Für diese Hochschule liegen noch keine aggregierten Studierendenbewertungen vor.
Da der Studiengang zulassungsbeschränkt ist und ein fundiertes chemisches Vorwissen voraussetzt, solltest du vor der Bewerbung genau prüfen, ob dein bisheriger Studienschwerpunkt zu den Anforderungen in anorganischer und physikalischer Chemie passt.
Ein abgeschlossener Bachelor in Chemie, Materialwissenschaft oder einem verwandten Fach mit soliden Kenntnissen in anorganischer und physikalischer Chemie wird vorausgesetzt, da der Studiengang zulassungsbeschränkt ist.
Der Studiengang ist international ausgerichtet und wird überwiegend auf Englisch unterrichtet, was ihn auch für internationale Studierende attraktiv macht.

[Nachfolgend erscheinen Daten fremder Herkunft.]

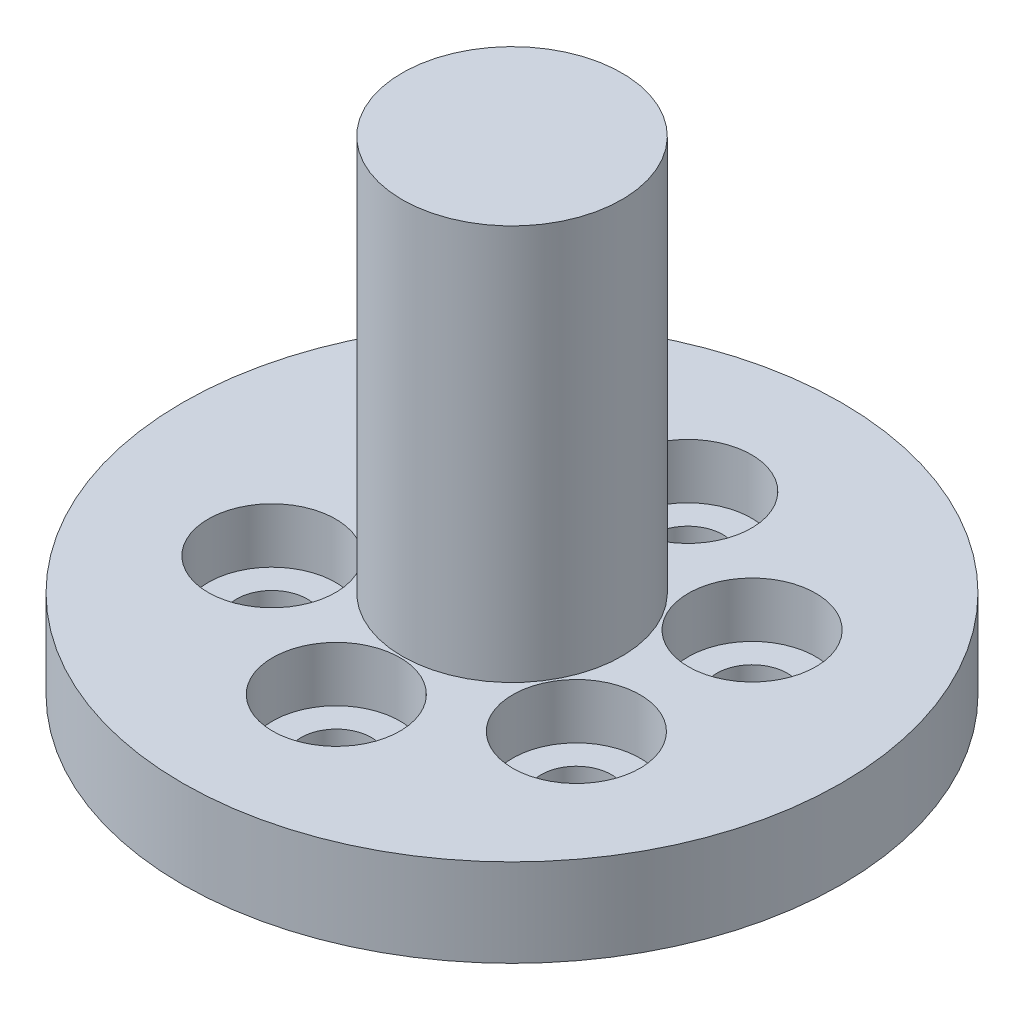
ISO-10303-21;
HEADER;
FILE_DESCRIPTION(('STEP AP214'),'2;1');
FILE_NAME('part.step','',(''),(''),'','','');
FILE_SCHEMA(('AUTOMOTIVE_DESIGN { 1 0 10303 214 1 1 1 1 }'));
ENDSEC;
DATA;
#1=APPLICATION_CONTEXT('core data for automotive mechanical design processes');
#2=APPLICATION_PROTOCOL_DEFINITION('international standard','automotive_design',2000,#1);
#3=PRODUCT_CONTEXT('',#1,'mechanical');
#4=PRODUCT('Part','Part','',(#3));
#5=PRODUCT_RELATED_PRODUCT_CATEGORY('part','',(#4));
#6=PRODUCT_DEFINITION_FORMATION('','',#4);
#7=PRODUCT_DEFINITION_CONTEXT('part definition',#1,'design');
#8=PRODUCT_DEFINITION('design','',#6,#7);
#9=PRODUCT_DEFINITION_SHAPE('','',#8);
#10=(LENGTH_UNIT() NAMED_UNIT(*) SI_UNIT(.MILLI.,.METRE.));
#11=(NAMED_UNIT(*) PLANE_ANGLE_UNIT() SI_UNIT($,.RADIAN.));
#12=(NAMED_UNIT(*) SI_UNIT($,.STERADIAN.) SOLID_ANGLE_UNIT());
#13=UNCERTAINTY_MEASURE_WITH_UNIT(LENGTH_MEASURE(1.E-05),#10,'distance_accuracy_value','');
#14=(GEOMETRIC_REPRESENTATION_CONTEXT(3) GLOBAL_UNCERTAINTY_ASSIGNED_CONTEXT((#13)) GLOBAL_UNIT_ASSIGNED_CONTEXT((#10,
#11,#12)) REPRESENTATION_CONTEXT('',''));
#15=CARTESIAN_POINT('',(0.,0.,0.));
#16=DIRECTION('',(0.,0.,1.));
#17=DIRECTION('',(1.,0.,0.));
#18=AXIS2_PLACEMENT_3D('',#15,#16,#17);
#19=CARTESIAN_POINT('',(6.92820323027568,-1.,-4.0000000000003));
#20=DIRECTION('',(0.,1.,0.));
#21=DIRECTION('',(0.,0.,1.));
#22=AXIS2_PLACEMENT_3D('',#19,#20,#21);
#23=CYLINDRICAL_SURFACE('',#22,1.6000000000001);
#24=CARTESIAN_POINT('',(6.92820323027568,0.,-4.0000000000003));
#25=DIRECTION('',(0.,1.,0.));
#26=DIRECTION('',(0.,0.,1.));
#27=AXIS2_PLACEMENT_3D('',#24,#25,#26);
#28=CIRCLE('',#27,1.6000000000001);
#29=CARTESIAN_POINT('',(6.92820323027568,0.,-2.4000000000002));
#30=VERTEX_POINT('',#29);
#31=EDGE_CURVE('E51',#30,#30,#28,.T.);
#32=ORIENTED_EDGE('',*,*,#31,.F.);
#33=EDGE_LOOP('',(#32));
#34=FACE_BOUND('',#33,.T.);
#35=CARTESIAN_POINT('',(6.92820323027568,1.5,-4.0000000000003));
#36=DIRECTION('',(0.,1.,0.));
#37=DIRECTION('',(0.,0.,1.));
#38=AXIS2_PLACEMENT_3D('',#35,#36,#37);
#39=CIRCLE('',#38,1.6000000000001);
#40=CARTESIAN_POINT('',(6.92820323027568,1.5,-2.4000000000002));
#41=VERTEX_POINT('',#40);
#42=EDGE_CURVE('E36',#41,#41,#39,.F.);
#43=ORIENTED_EDGE('',*,*,#42,.F.);
#44=EDGE_LOOP('',(#43));
#45=FACE_BOUND('',#44,.T.);
#46=ADVANCED_FACE('F32',(#34,#45),#23,.F.);
#47=CARTESIAN_POINT('',(6.92820323027602,-1.,3.9999999999997));
#48=DIRECTION('',(0.,1.,0.));
#49=DIRECTION('',(0.,0.,1.));
#50=AXIS2_PLACEMENT_3D('',#47,#48,#49);
#51=CYLINDRICAL_SURFACE('',#50,1.60000000000044);
#52=CARTESIAN_POINT('',(6.92820323027602,0.,3.9999999999997));
#53=DIRECTION('',(0.,1.,0.));
#54=DIRECTION('',(0.,0.,1.));
#55=AXIS2_PLACEMENT_3D('',#52,#53,#54);
#56=CIRCLE('',#55,1.60000000000044);
#57=CARTESIAN_POINT('',(6.92820323027602,0.,5.60000000000014));
#58=VERTEX_POINT('',#57);
#59=EDGE_CURVE('E54',#58,#58,#56,.T.);
#60=ORIENTED_EDGE('',*,*,#59,.F.);
#61=EDGE_LOOP('',(#60));
#62=FACE_BOUND('',#61,.T.);
#63=CARTESIAN_POINT('',(6.92820323027602,1.5,3.9999999999997));
#64=DIRECTION('',(0.,1.,0.));
#65=DIRECTION('',(0.,0.,1.));
#66=AXIS2_PLACEMENT_3D('',#63,#64,#65);
#67=CIRCLE('',#66,1.60000000000044);
#68=CARTESIAN_POINT('',(6.92820323027602,1.5,5.60000000000014));
#69=VERTEX_POINT('',#68);
#70=EDGE_CURVE('E80',#69,#69,#67,.F.);
#71=ORIENTED_EDGE('',*,*,#70,.F.);
#72=EDGE_LOOP('',(#71));
#73=FACE_BOUND('',#72,.T.);
#74=ADVANCED_FACE('F90',(#62,#73),#51,.F.);
#75=CARTESIAN_POINT('',(6.79181874011743E-13,-1.,8.));
#76=DIRECTION('',(0.,1.,0.));
#77=DIRECTION('',(0.,0.,1.));
#78=AXIS2_PLACEMENT_3D('',#75,#76,#77);
#79=CYLINDRICAL_SURFACE('',#78,1.6000000000007);
#80=CARTESIAN_POINT('',(6.79181874011743E-13,0.,8.));
#81=DIRECTION('',(0.,1.,0.));
#82=DIRECTION('',(0.,0.,1.));
#83=AXIS2_PLACEMENT_3D('',#80,#81,#82);
#84=CIRCLE('',#83,1.6000000000007);
#85=CARTESIAN_POINT('',(6.79181874011743E-13,0.,9.6000000000007));
#86=VERTEX_POINT('',#85);
#87=EDGE_CURVE('E57',#86,#86,#84,.T.);
#88=ORIENTED_EDGE('',*,*,#87,.F.);
#89=EDGE_LOOP('',(#88));
#90=FACE_BOUND('',#89,.T.);
#91=CARTESIAN_POINT('',(6.79181874011743E-13,1.5,8.));
#92=DIRECTION('',(0.,1.,0.));
#93=DIRECTION('',(0.,0.,1.));
#94=AXIS2_PLACEMENT_3D('',#91,#92,#93);
#95=CIRCLE('',#94,1.6000000000007);
#96=CARTESIAN_POINT('',(6.79181874011743E-13,1.5,9.6000000000007));
#97=VERTEX_POINT('',#96);
#98=EDGE_CURVE('E78',#97,#97,#95,.F.);
#99=ORIENTED_EDGE('',*,*,#98,.F.);
#100=EDGE_LOOP('',(#99));
#101=FACE_BOUND('',#100,.T.);
#102=ADVANCED_FACE('F96',(#90,#101),#79,.F.);
#103=CARTESIAN_POINT('',(-6.928203230275,-1.,4.0000000000003));
#104=DIRECTION('',(0.,1.,0.));
#105=DIRECTION('',(0.,0.,1.));
#106=AXIS2_PLACEMENT_3D('',#103,#104,#105);
#107=CYLINDRICAL_SURFACE('',#106,1.60000000000065);
#108=CARTESIAN_POINT('',(-6.928203230275,0.,4.0000000000003));
#109=DIRECTION('',(0.,1.,0.));
#110=DIRECTION('',(0.,0.,1.));
#111=AXIS2_PLACEMENT_3D('',#108,#109,#110);
#112=CIRCLE('',#111,1.60000000000065);
#113=CARTESIAN_POINT('',(-6.928203230275,0.,5.60000000000095));
#114=VERTEX_POINT('',#113);
#115=EDGE_CURVE('E60',#114,#114,#112,.T.);
#116=ORIENTED_EDGE('',*,*,#115,.F.);
#117=EDGE_LOOP('',(#116));
#118=FACE_BOUND('',#117,.T.);
#119=CARTESIAN_POINT('',(-6.928203230275,1.5,4.0000000000003));
#120=DIRECTION('',(0.,1.,0.));
#121=DIRECTION('',(0.,0.,1.));
#122=AXIS2_PLACEMENT_3D('',#119,#120,#121);
#123=CIRCLE('',#122,1.60000000000065);
#124=CARTESIAN_POINT('',(-6.928203230275,1.5,5.60000000000095));
#125=VERTEX_POINT('',#124);
#126=EDGE_CURVE('E75',#125,#125,#123,.F.);
#127=ORIENTED_EDGE('',*,*,#126,.F.);
#128=EDGE_LOOP('',(#127));
#129=FACE_BOUND('',#128,.T.);
#130=ADVANCED_FACE('F106',(#118,#129),#107,.F.);
#131=CARTESIAN_POINT('',(-6.92820323027534,-1.,-3.9999999999997));
#132=DIRECTION('',(0.,1.,0.));
#133=DIRECTION('',(0.,0.,1.));
#134=AXIS2_PLACEMENT_3D('',#131,#132,#133);
#135=CYLINDRICAL_SURFACE('',#134,1.60000000000034);
#136=CARTESIAN_POINT('',(-6.92820323027534,0.,-3.9999999999997));
#137=DIRECTION('',(0.,1.,0.));
#138=DIRECTION('',(0.,0.,1.));
#139=AXIS2_PLACEMENT_3D('',#136,#137,#138);
#140=CIRCLE('',#139,1.60000000000034);
#141=CARTESIAN_POINT('',(-6.92820323027534,0.,-2.39999999999936));
#142=VERTEX_POINT('',#141);
#143=EDGE_CURVE('E63',#142,#142,#140,.T.);
#144=ORIENTED_EDGE('',*,*,#143,.F.);
#145=EDGE_LOOP('',(#144));
#146=FACE_BOUND('',#145,.T.);
#147=CARTESIAN_POINT('',(-6.92820323027534,1.5,-3.9999999999997));
#148=DIRECTION('',(0.,1.,0.));
#149=DIRECTION('',(0.,0.,1.));
#150=AXIS2_PLACEMENT_3D('',#147,#148,#149);
#151=CIRCLE('',#150,1.60000000000034);
#152=CARTESIAN_POINT('',(-6.92820323027534,1.5,-2.39999999999936));
#153=VERTEX_POINT('',#152);
#154=EDGE_CURVE('E71',#153,#153,#151,.F.);
#155=ORIENTED_EDGE('',*,*,#154,.F.);
#156=EDGE_LOOP('',(#155));
#157=FACE_BOUND('',#156,.T.);
#158=ADVANCED_FACE('F101',(#146,#157),#135,.F.);
#159=CARTESIAN_POINT('',(0.,-1.,-8.));
#160=DIRECTION('',(0.,1.,0.));
#161=DIRECTION('',(0.,0.,1.));
#162=AXIS2_PLACEMENT_3D('',#159,#160,#161);
#163=CYLINDRICAL_SURFACE('',#162,1.6);
#164=CARTESIAN_POINT('',(0.,0.,-8.));
#165=DIRECTION('',(0.,1.,0.));
#166=DIRECTION('',(0.,0.,1.));
#167=AXIS2_PLACEMENT_3D('',#164,#165,#166);
#168=CIRCLE('',#167,1.6);
#169=CARTESIAN_POINT('',(0.,0.,-6.4));
#170=VERTEX_POINT('',#169);
#171=EDGE_CURVE('E45',#170,#170,#168,.T.);
#172=ORIENTED_EDGE('',*,*,#171,.F.);
#173=EDGE_LOOP('',(#172));
#174=FACE_BOUND('',#173,.T.);
#175=CARTESIAN_POINT('',(0.,1.5,-8.));
#176=DIRECTION('',(0.,1.,0.));
#177=DIRECTION('',(0.,0.,1.));
#178=AXIS2_PLACEMENT_3D('',#175,#176,#177);
#179=CIRCLE('',#178,1.6);
#180=CARTESIAN_POINT('',(0.,1.5,-6.4));
#181=VERTEX_POINT('',#180);
#182=EDGE_CURVE('E68',#181,#181,#179,.F.);
#183=ORIENTED_EDGE('',*,*,#182,.F.);
#184=EDGE_LOOP('',(#183));
#185=FACE_BOUND('',#184,.T.);
#186=ADVANCED_FACE('F142',(#174,#185),#163,.F.);
#187=CARTESIAN_POINT('',(0.,4.,0.));
#188=DIRECTION('',(0.,-1.,0.));
#189=DIRECTION('',(0.,0.,-1.));
#190=AXIS2_PLACEMENT_3D('',#187,#188,#189);
#191=CYLINDRICAL_SURFACE('',#190,15.);
#192=CARTESIAN_POINT('',(0.,4.,0.));
#193=DIRECTION('',(0.,1.,0.));
#194=DIRECTION('',(0.,0.,1.));
#195=AXIS2_PLACEMENT_3D('',#192,#193,#194);
#196=CIRCLE('',#195,15.);
#197=CARTESIAN_POINT('',(0.,4.,15.));
#198=VERTEX_POINT('',#197);
#199=EDGE_CURVE('E10',#198,#198,#196,.T.);
#200=ORIENTED_EDGE('',*,*,#199,.F.);
#201=EDGE_LOOP('',(#200));
#202=FACE_BOUND('',#201,.T.);
#203=CARTESIAN_POINT('',(0.,0.,0.));
#204=DIRECTION('',(0.,1.,0.));
#205=DIRECTION('',(0.,0.,1.));
#206=AXIS2_PLACEMENT_3D('',#203,#204,#205);
#207=CIRCLE('',#206,15.);
#208=CARTESIAN_POINT('',(0.,0.,15.));
#209=VERTEX_POINT('',#208);
#210=EDGE_CURVE('E40',#209,#209,#207,.T.);
#211=ORIENTED_EDGE('',*,*,#210,.T.);
#212=EDGE_LOOP('',(#211));
#213=FACE_BOUND('',#212,.T.);
#214=ADVANCED_FACE('F34',(#202,#213),#191,.T.);
#215=CARTESIAN_POINT('',(0.,4.,0.));
#216=DIRECTION('',(0.,1.,0.));
#217=DIRECTION('',(0.,0.,1.));
#218=AXIS2_PLACEMENT_3D('',#215,#216,#217);
#219=PLANE('',#218);
#220=CARTESIAN_POINT('',(0.,4.,0.));
#221=DIRECTION('',(0.,1.,0.));
#222=DIRECTION('',(0.,0.,1.));
#223=AXIS2_PLACEMENT_3D('',#220,#221,#222);
#224=CIRCLE('',#223,5.);
#225=CARTESIAN_POINT('',(0.,4.,5.));
#226=VERTEX_POINT('',#225);
#227=EDGE_CURVE('E216',#226,#226,#224,.T.);
#228=ORIENTED_EDGE('',*,*,#227,.F.);
#229=EDGE_LOOP('',(#228));
#230=FACE_BOUND('',#229,.T.);
#231=CARTESIAN_POINT('',(6.92870323027552,4.,-4.00086602540377));
#232=DIRECTION('',(0.,1.,0.));
#233=DIRECTION('',(0.,0.,1.));
#234=AXIS2_PLACEMENT_3D('',#231,#232,#233);
#235=CIRCLE('',#234,2.9);
#236=CARTESIAN_POINT('',(6.92870323027552,4.,-1.10086602540377));
#237=VERTEX_POINT('',#236);
#238=EDGE_CURVE('E235',#237,#237,#235,.T.);
#239=ORIENTED_EDGE('',*,*,#238,.F.);
#240=EDGE_LOOP('',(#239));
#241=FACE_BOUND('',#240,.T.);
#242=CARTESIAN_POINT('',(6.92970323027549,4.,3.99913397459625));
#243=DIRECTION('',(0.,1.,0.));
#244=DIRECTION('',(0.,0.,1.));
#245=AXIS2_PLACEMENT_3D('',#242,#243,#244);
#246=CIRCLE('',#245,2.9);
#247=CARTESIAN_POINT('',(6.92970323027549,4.,6.89913397459625));
#248=VERTEX_POINT('',#247);
#249=EDGE_CURVE('E241',#248,#248,#246,.T.);
#250=ORIENTED_EDGE('',*,*,#249,.F.);
#251=EDGE_LOOP('',(#250));
#252=FACE_BOUND('',#251,.T.);
#253=CARTESIAN_POINT('',(0.00199999999994414,4.,8.));
#254=DIRECTION('',(0.,1.,0.));
#255=DIRECTION('',(0.,0.,1.));
#256=AXIS2_PLACEMENT_3D('',#253,#254,#255);
#257=CIRCLE('',#256,2.9);
#258=CARTESIAN_POINT('',(0.00199999999994414,4.,10.9));
#259=VERTEX_POINT('',#258);
#260=EDGE_CURVE('E247',#259,#259,#257,.T.);
#261=ORIENTED_EDGE('',*,*,#260,.F.);
#262=EDGE_LOOP('',(#261));
#263=FACE_BOUND('',#262,.T.);
#264=CARTESIAN_POINT('',(-6.92670323027555,4.,4.00086602540372));
#265=DIRECTION('',(0.,1.,0.));
#266=DIRECTION('',(0.,0.,1.));
#267=AXIS2_PLACEMENT_3D('',#264,#265,#266);
#268=CIRCLE('',#267,2.9);
#269=CARTESIAN_POINT('',(-6.92670323027555,4.,6.90086602540372));
#270=VERTEX_POINT('',#269);
#271=EDGE_CURVE('E229',#270,#270,#268,.T.);
#272=ORIENTED_EDGE('',*,*,#271,.F.);
#273=EDGE_LOOP('',(#272));
#274=FACE_BOUND('',#273,.T.);
#275=CARTESIAN_POINT('',(-6.92770323027546,4.,-3.9991339745963));
#276=DIRECTION('',(0.,1.,0.));
#277=DIRECTION('',(0.,0.,1.));
#278=AXIS2_PLACEMENT_3D('',#275,#276,#277);
#279=CIRCLE('',#278,2.9);
#280=CARTESIAN_POINT('',(-6.92770323027546,4.,-1.0991339745963));
#281=VERTEX_POINT('',#280);
#282=EDGE_CURVE('E224',#281,#281,#279,.T.);
#283=ORIENTED_EDGE('',*,*,#282,.F.);
#284=EDGE_LOOP('',(#283));
#285=FACE_BOUND('',#284,.T.);
#286=CARTESIAN_POINT('',(0.,4.,-8.));
#287=DIRECTION('',(0.,1.,0.));
#288=DIRECTION('',(0.,0.,1.));
#289=AXIS2_PLACEMENT_3D('',#286,#287,#288);
#290=CIRCLE('',#289,2.9);
#291=CARTESIAN_POINT('',(0.,4.,-5.1));
#292=VERTEX_POINT('',#291);
#293=EDGE_CURVE('E48',#292,#292,#290,.T.);
#294=ORIENTED_EDGE('',*,*,#293,.F.);
#295=EDGE_LOOP('',(#294));
#296=FACE_BOUND('',#295,.T.);
#297=ORIENTED_EDGE('',*,*,#199,.T.);
#298=EDGE_LOOP('',(#297));
#299=FACE_BOUND('',#298,.T.);
#300=ADVANCED_FACE('F111',(#230,#241,#252,#263,#274,#285,#296,#299),#219,.T.);
#301=CARTESIAN_POINT('',(0.,0.,0.));
#302=DIRECTION('',(0.,1.,0.));
#303=DIRECTION('',(0.,0.,1.));
#304=AXIS2_PLACEMENT_3D('',#301,#302,#303);
#305=PLANE('',#304);
#306=CARTESIAN_POINT('',(0.,0.,0.));
#307=DIRECTION('',(0.,-1.,0.));
#308=DIRECTION('',(0.,0.,-1.));
#309=AXIS2_PLACEMENT_3D('',#306,#307,#308);
#310=CIRCLE('',#309,4.);
#311=CARTESIAN_POINT('',(0.,0.,-4.));
#312=VERTEX_POINT('',#311);
#313=EDGE_CURVE('E127',#312,#312,#310,.T.);
#314=ORIENTED_EDGE('',*,*,#313,.F.);
#315=EDGE_LOOP('',(#314));
#316=FACE_BOUND('',#315,.T.);
#317=ORIENTED_EDGE('',*,*,#171,.T.);
#318=EDGE_LOOP('',(#317));
#319=FACE_BOUND('',#318,.T.);
#320=ORIENTED_EDGE('',*,*,#143,.T.);
#321=EDGE_LOOP('',(#320));
#322=FACE_BOUND('',#321,.T.);
#323=ORIENTED_EDGE('',*,*,#115,.T.);
#324=EDGE_LOOP('',(#323));
#325=FACE_BOUND('',#324,.T.);
#326=ORIENTED_EDGE('',*,*,#87,.T.);
#327=EDGE_LOOP('',(#326));
#328=FACE_BOUND('',#327,.T.);
#329=ORIENTED_EDGE('',*,*,#59,.T.);
#330=EDGE_LOOP('',(#329));
#331=FACE_BOUND('',#330,.T.);
#332=ORIENTED_EDGE('',*,*,#31,.T.);
#333=EDGE_LOOP('',(#332));
#334=FACE_BOUND('',#333,.T.);
#335=ORIENTED_EDGE('',*,*,#210,.F.);
#336=EDGE_LOOP('',(#335));
#337=FACE_BOUND('',#336,.T.);
#338=ADVANCED_FACE('F113',(#316,#319,#322,#325,#328,#331,#334,#337),#305,.F.);
#339=CARTESIAN_POINT('',(0.,1.5,-8.));
#340=DIRECTION('',(0.,1.,0.));
#341=DIRECTION('',(0.,0.,1.));
#342=AXIS2_PLACEMENT_3D('',#339,#340,#341);
#343=PLANE('',#342);
#344=CARTESIAN_POINT('',(0.,1.5,-8.));
#345=DIRECTION('',(0.,1.,0.));
#346=DIRECTION('',(0.,0.,1.));
#347=AXIS2_PLACEMENT_3D('',#344,#345,#346);
#348=CIRCLE('',#347,2.9);
#349=CARTESIAN_POINT('',(0.,1.5,-5.1));
#350=VERTEX_POINT('',#349);
#351=EDGE_CURVE('E72',#350,#350,#348,.T.);
#352=ORIENTED_EDGE('',*,*,#351,.T.);
#353=EDGE_LOOP('',(#352));
#354=FACE_BOUND('',#353,.T.);
#355=ORIENTED_EDGE('',*,*,#182,.T.);
#356=EDGE_LOOP('',(#355));
#357=FACE_BOUND('',#356,.T.);
#358=ADVANCED_FACE('F116',(#354,#357),#343,.T.);
#359=CARTESIAN_POINT('',(0.,1.5,-8.));
#360=DIRECTION('',(0.,1.,0.));
#361=DIRECTION('',(0.,0.,1.));
#362=AXIS2_PLACEMENT_3D('',#359,#360,#361);
#363=CYLINDRICAL_SURFACE('',#362,2.9);
#364=ORIENTED_EDGE('',*,*,#351,.F.);
#365=EDGE_LOOP('',(#364));
#366=FACE_BOUND('',#365,.T.);
#367=ORIENTED_EDGE('',*,*,#293,.T.);
#368=EDGE_LOOP('',(#367));
#369=FACE_BOUND('',#368,.T.);
#370=ADVANCED_FACE('F121',(#366,#369),#363,.F.);
#371=CARTESIAN_POINT('',(-6.92770323027546,1.5,-3.9991339745963));
#372=DIRECTION('',(0.,1.,0.));
#373=DIRECTION('',(0.,0.,1.));
#374=AXIS2_PLACEMENT_3D('',#371,#372,#373);
#375=PLANE('',#374);
#376=CARTESIAN_POINT('',(-6.92770323027546,1.5,-3.9991339745963));
#377=DIRECTION('',(0.,1.,0.));
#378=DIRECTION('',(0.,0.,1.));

Absolvent:innen finden Möglichkeiten in der chemischen Industrie, der Katalysatorentwicklung, der Batterie- und Energietechnik sowie in der akademischen Forschung, etwa im Rahmen einer Promotion.
Die Universität Bayreuth verfügt über eine ausgeprägte Tradition in der Material- und Polymerforschung, die dem Studiengang ein forschungsnahes und praxisrelevantes Umfeld bietet.